Work to be completed:
Transcribe the rest of the listing below, starting with the line that contains "H 6400 3800" and ending with the last line, exactly as written.

· · ·

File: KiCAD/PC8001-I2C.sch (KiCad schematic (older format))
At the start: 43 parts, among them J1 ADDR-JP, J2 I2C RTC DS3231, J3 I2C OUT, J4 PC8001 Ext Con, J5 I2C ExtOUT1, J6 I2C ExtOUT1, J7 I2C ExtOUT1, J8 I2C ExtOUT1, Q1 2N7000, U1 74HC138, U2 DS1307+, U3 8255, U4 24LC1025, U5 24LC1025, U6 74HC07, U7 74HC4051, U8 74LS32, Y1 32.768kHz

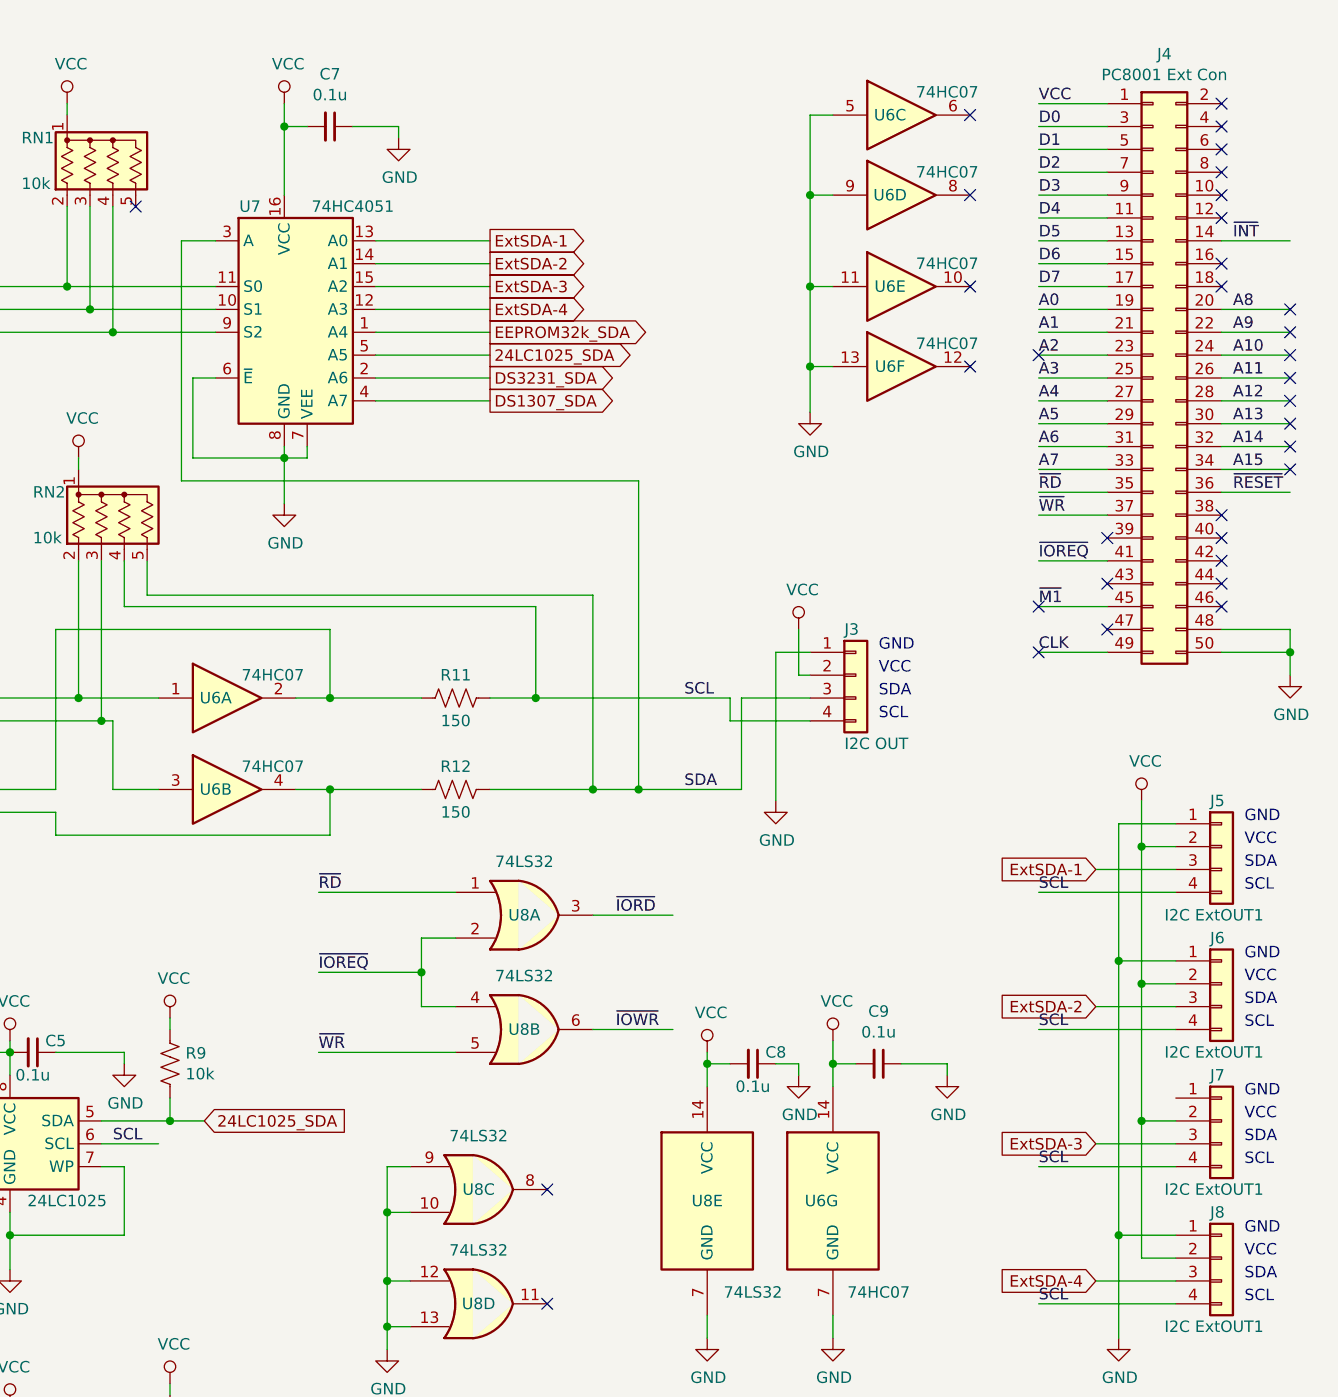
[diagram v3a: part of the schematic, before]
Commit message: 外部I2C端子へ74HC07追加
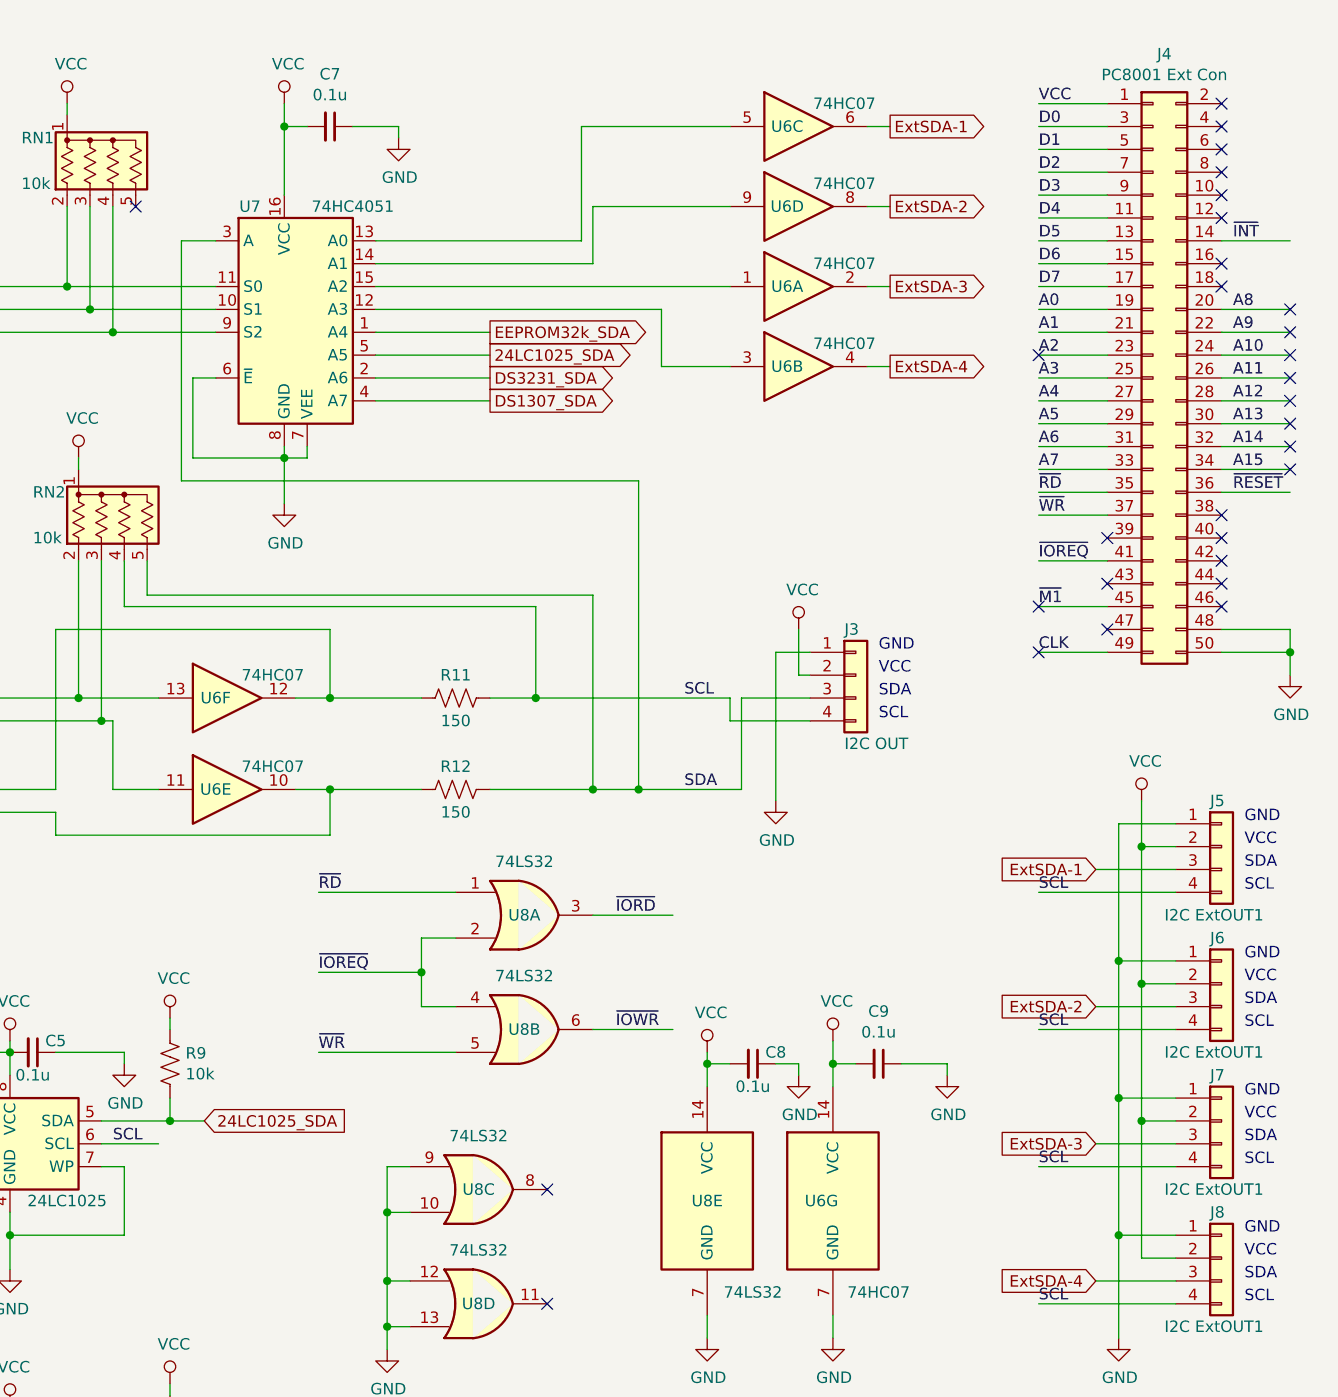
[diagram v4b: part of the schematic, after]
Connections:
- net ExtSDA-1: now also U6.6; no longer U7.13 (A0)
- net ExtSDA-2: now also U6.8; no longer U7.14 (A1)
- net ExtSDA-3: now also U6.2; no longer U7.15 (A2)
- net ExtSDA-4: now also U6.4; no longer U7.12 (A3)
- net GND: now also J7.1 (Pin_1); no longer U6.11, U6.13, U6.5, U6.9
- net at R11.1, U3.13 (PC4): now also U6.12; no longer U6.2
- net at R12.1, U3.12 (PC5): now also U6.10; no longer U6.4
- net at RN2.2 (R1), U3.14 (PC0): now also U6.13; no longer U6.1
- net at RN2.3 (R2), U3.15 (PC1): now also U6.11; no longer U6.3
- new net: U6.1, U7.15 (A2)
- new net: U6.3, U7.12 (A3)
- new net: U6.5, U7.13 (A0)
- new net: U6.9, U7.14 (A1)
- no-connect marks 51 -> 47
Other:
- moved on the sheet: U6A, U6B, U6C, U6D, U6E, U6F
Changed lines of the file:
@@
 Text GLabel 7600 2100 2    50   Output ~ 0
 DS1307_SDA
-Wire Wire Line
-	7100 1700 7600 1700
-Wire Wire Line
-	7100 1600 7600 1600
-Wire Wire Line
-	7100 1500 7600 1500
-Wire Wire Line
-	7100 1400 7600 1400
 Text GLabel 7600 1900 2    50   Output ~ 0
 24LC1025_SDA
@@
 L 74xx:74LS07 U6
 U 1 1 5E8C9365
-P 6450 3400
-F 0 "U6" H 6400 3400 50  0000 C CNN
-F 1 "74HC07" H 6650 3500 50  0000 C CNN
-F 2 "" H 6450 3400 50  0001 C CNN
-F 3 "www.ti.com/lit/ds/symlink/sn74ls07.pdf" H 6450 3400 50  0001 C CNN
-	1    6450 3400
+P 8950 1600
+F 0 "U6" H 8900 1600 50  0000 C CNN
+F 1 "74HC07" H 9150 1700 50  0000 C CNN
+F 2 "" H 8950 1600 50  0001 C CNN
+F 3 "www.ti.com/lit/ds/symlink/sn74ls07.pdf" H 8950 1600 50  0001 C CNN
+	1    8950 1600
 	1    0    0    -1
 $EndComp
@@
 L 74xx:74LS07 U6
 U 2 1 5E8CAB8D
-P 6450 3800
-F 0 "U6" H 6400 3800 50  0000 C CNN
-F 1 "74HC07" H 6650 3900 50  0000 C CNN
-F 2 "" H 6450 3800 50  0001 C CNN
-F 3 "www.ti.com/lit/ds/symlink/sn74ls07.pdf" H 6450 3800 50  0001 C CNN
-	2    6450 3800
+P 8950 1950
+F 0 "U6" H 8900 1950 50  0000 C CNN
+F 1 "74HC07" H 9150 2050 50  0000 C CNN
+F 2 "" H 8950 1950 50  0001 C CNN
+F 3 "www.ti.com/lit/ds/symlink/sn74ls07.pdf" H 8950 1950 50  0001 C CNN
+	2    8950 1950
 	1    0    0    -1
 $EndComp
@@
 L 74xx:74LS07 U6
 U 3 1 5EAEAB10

· · ·

Result for this exercise:
-F 0 "U6" H 6400 3800 50  0000 C CNN
-F 1 "74HC07" H 6650 3900 50  0000 C CNN
-F 2 "" H 6450 3800 50  0001 C CNN
-F 3 "www.ti.com/lit/ds/symlink/sn74ls07.pdf" H 6450 3800 50  0001 C CNN
-	2    6450 3800
+P 8950 1950
+F 0 "U6" H 8900 1950 50  0000 C CNN
+F 1 "74HC07" H 9150 2050 50  0000 C CNN
+F 2 "" H 8950 1950 50  0001 C CNN
+F 3 "www.ti.com/lit/ds/symlink/sn74ls07.pdf" H 8950 1950 50  0001 C CNN
+	2    8950 1950
 	1    0    0    -1
 $EndComp
@@
 L 74xx:74LS07 U6
 U 3 1 5EAEAB10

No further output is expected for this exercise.